= Work request =
Using the entries that follow, write out the line containing "#541 = VERTEX_POINT ( 'NONE', #28682 ) ;", the line containing "#1991 = CARTESIAN_POINT", and every line between them, exactly and nothing else.

+ + + + +

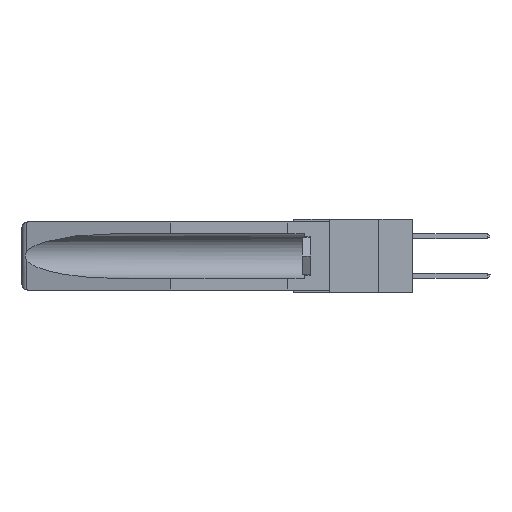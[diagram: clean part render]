
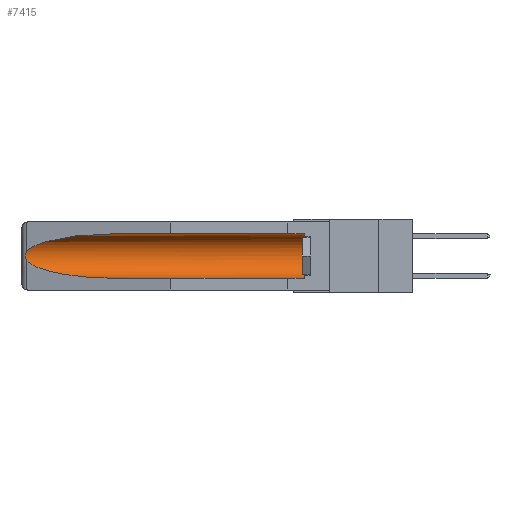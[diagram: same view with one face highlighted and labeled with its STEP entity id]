
A CAD part, left-side view. The second image highlights one B-rep face of the part: STEP entity #7415.
In plain terms, the highlighted cylindrical face has radius 2.857 mm (diameter 5.715 mm), a partial arc.
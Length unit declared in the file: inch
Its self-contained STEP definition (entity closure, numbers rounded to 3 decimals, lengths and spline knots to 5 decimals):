
#12 = EDGE_CURVE ( 'NONE', #541, #29036, #12745, .T. ) ;
#405 = AXIS2_PLACEMENT_3D ( 'NONE', #11521, #26969, #4377 ) ;
#541 = VERTEX_POINT ( 'NONE', #28682 ) ;
#641 = CARTESIAN_POINT ( 'NONE',  ( 0.2675, 1.53308, -0.17534 ) ) ;
#1020 = LINE ( 'NONE', #27626, #21902 ) ;
#1991 = CARTESIAN_POINT ( 'NONE',  ( 0.21114, 1.30732, -0.284 ) ) ;
#2411 = AXIS2_PLACEMENT_3D ( 'NONE', #3484, #28478, #26148 ) ;
#3142 = ORIENTED_EDGE ( 'NONE', *, *, #12, .T. ) ;
#3484 = CARTESIAN_POINT ( 'NONE',  ( 0.155, 0.126, -0.1715 ) ) ;
#3802 = CARTESIAN_POINT ( 'NONE',  ( 0.25451, 1.48313, -0.09465 ) ) ;
#4377 = DIRECTION ( 'NONE',  ( 0., 0., 1. ) ) ;
#4757 = CARTESIAN_POINT ( 'NONE',  ( 0.155, 0.126, -0.284 ) ) ;
#5233 = EDGE_CURVE ( 'NONE', #20280, #28189, #5476, .T. ) ;
#5476 = CIRCLE ( 'NONE', #2411, 0.1125 ) ;
#7024 = EDGE_CURVE ( 'NONE', #20280, #18297, #20927, .T. ) ;
#7083 = CYLINDRICAL_SURFACE ( 'NONE', #405, 0.1125 ) ;
#7415 = ADVANCED_FACE ( 'NONE', ( #25858 ), #7083, .F. ) ;
#8552 = EDGE_CURVE ( 'NONE', #9797, #541, #15413, .T. ) ;
#8912 = CARTESIAN_POINT ( 'NONE',  ( 0.155, 0.126, -0.059 ) ) ;
#8977 = ORIENTED_EDGE ( 'NONE', *, *, #18782, .T. ) ;
#9750 = CARTESIAN_POINT ( 'NONE',  ( 0.2675, 1.53308, -0.16763 ) ) ;
#9797 = VERTEX_POINT ( 'NONE', #11744 ) ;
#11521 = CARTESIAN_POINT ( 'NONE',  ( 0.155, -0.30754, -0.1715 ) ) ;
#11744 = CARTESIAN_POINT ( 'NONE',  ( 0.155, 1.07973, -0.059 ) ) ;
#12745 = B_SPLINE_CURVE_WITH_KNOTS ( 'NONE', 3,
 ( #25758, #25466, #14211, #21000, #9750, #641, #27978, #16493, #23560, #21314 ),
 .UNSPECIFIED., .F., .F.,
 ( 4, 2, 2, 2, 4 ),
 ( 0., 0.00029, 0.00058, 0.00087, 0.00117 ),
 .UNSPECIFIED. ) ;
#12990 = ORIENTED_EDGE ( 'NONE', *, *, #5233, .T. ) ;
#13373 = CARTESIAN_POINT ( 'NONE',  ( 0.155, -0.30754, -0.284 ) ) ;
#13866 = VECTOR ( 'NONE', #15752, 39.37008 ) ;
#14062 = DIRECTION ( 'NONE',  ( 0., 1., 0. ) ) ;
#14211 = CARTESIAN_POINT ( 'NONE',  ( 0.26654, 1.53092, -0.15636 ) ) ;
#15113 = EDGE_CURVE ( 'NONE', #28189, #9797, #1020, .T. ) ;
#15413 =( BOUNDED_CURVE ( )  B_SPLINE_CURVE ( 3, ( #19243, #23606, #3802, #28625 ),
 .UNSPECIFIED., .F., .F. ) 
 B_SPLINE_CURVE_WITH_KNOTS ( ( 4, 4 ),
 ( 4.71239, 6.08839 ),
 .UNSPECIFIED. ) 
 CURVE ( )  GEOMETRIC_REPRESENTATION_ITEM ( )  RATIONAL_B_SPLINE_CURVE ( ( 1., 0.848, 0.848, 1. ) ) 
 REPRESENTATION_ITEM ( '' )  );
#15752 = DIRECTION ( 'NONE',  ( 0., 1., 0. ) ) ;
#16392 = ORIENTED_EDGE ( 'NONE', *, *, #15113, .T. ) ;
#16493 = CARTESIAN_POINT ( 'NONE',  ( 0.26655, 1.53094, -0.18657 ) ) ;
#16885 =( BOUNDED_CURVE ( )  B_SPLINE_CURVE ( 3, ( #17716, #29159, #1991, #22472 ),
 .UNSPECIFIED., .F., .F. ) 
 B_SPLINE_CURVE_WITH_KNOTS ( ( 4, 4 ),
 ( 0.1948, 1.5708 ),
 .UNSPECIFIED. ) 
 CURVE ( )  GEOMETRIC_REPRESENTATION_ITEM ( )  RATIONAL_B_SPLINE_CURVE ( ( 1., 0.848, 0.848, 1. ) ) 
 REPRESENTATION_ITEM ( '' )  );
#17716 = CARTESIAN_POINT ( 'NONE',  ( 0.26537, 1.52718, -0.19328 ) ) ;
#18297 = VERTEX_POINT ( 'NONE', #27557 ) ;
#18782 = EDGE_CURVE ( 'NONE', #29036, #18297, #16885, .T. ) ;
#19243 = CARTESIAN_POINT ( 'NONE',  ( 0.155, 1.07973, -0.059 ) ) ;
#20280 = VERTEX_POINT ( 'NONE', #4757 ) ;
#20735 = ORIENTED_EDGE ( 'NONE', *, *, #7024, .F. ) ;
#20927 = LINE ( 'NONE', #13373, #13866 ) ;
#21000 = CARTESIAN_POINT ( 'NONE',  ( 0.2673, 1.5327, -0.16383 ) ) ;
#21314 = CARTESIAN_POINT ( 'NONE',  ( 0.26537, 1.52718, -0.19328 ) ) ;
#21902 = VECTOR ( 'NONE', #14062, 39.37008 ) ;
#22472 = CARTESIAN_POINT ( 'NONE',  ( 0.155, 1.07973, -0.284 ) ) ;
#23152 = ORIENTED_EDGE ( 'NONE', *, *, #8552, .T. ) ;
#23560 = CARTESIAN_POINT ( 'NONE',  ( 0.26597, 1.5296, -0.19026 ) ) ;
#23606 = CARTESIAN_POINT ( 'NONE',  ( 0.21114, 1.30732, -0.059 ) ) ;
#23659 = CARTESIAN_POINT ( 'NONE',  ( 0.26537, 1.52718, -0.19328 ) ) ;
#25466 = CARTESIAN_POINT ( 'NONE',  ( 0.26597, 1.52961, -0.15275 ) ) ;
#25734 = EDGE_LOOP ( 'NONE', ( #23152, #3142, #8977, #20735, #12990, #16392 ) ) ;
#25758 = CARTESIAN_POINT ( 'NONE',  ( 0.26537, 1.52718, -0.14972 ) ) ;
#25858 = FACE_OUTER_BOUND ( 'NONE', #25734, .T. ) ;
#26148 = DIRECTION ( 'NONE',  ( 0., 0., 1. ) ) ;
#26969 = DIRECTION ( 'NONE',  ( 0., 1., 0. ) ) ;
#27557 = CARTESIAN_POINT ( 'NONE',  ( 0.155, 1.07973, -0.284 ) ) ;
#27626 = CARTESIAN_POINT ( 'NONE',  ( 0.155, -0.30754, -0.059 ) ) ;
#27978 = CARTESIAN_POINT ( 'NONE',  ( 0.2673, 1.53269, -0.17917 ) ) ;
#28189 = VERTEX_POINT ( 'NONE', #8912 ) ;
#28478 = DIRECTION ( 'NONE',  ( 0., -1., 0. ) ) ;
#28625 = CARTESIAN_POINT ( 'NONE',  ( 0.26537, 1.52718, -0.14972 ) ) ;
#28682 = CARTESIAN_POINT ( 'NONE',  ( 0.26537, 1.52718, -0.14972 ) ) ;
#29036 = VERTEX_POINT ( 'NONE', #23659 ) ;
#29159 = CARTESIAN_POINT ( 'NONE',  ( 0.25451, 1.48313, -0.24835 ) ) ;

+ + + + +

= Task response =
#541 = VERTEX_POINT ( 'NONE', #28682 ) ;
#641 = CARTESIAN_POINT ( 'NONE',  ( 0.2675, 1.53308, -0.17534 ) ) ;
#1020 = LINE ( 'NONE', #27626, #21902 ) ;
#1991 = CARTESIAN_POINT ( 'NONE',  ( 0.21114, 1.30732, -0.284 ) ) ;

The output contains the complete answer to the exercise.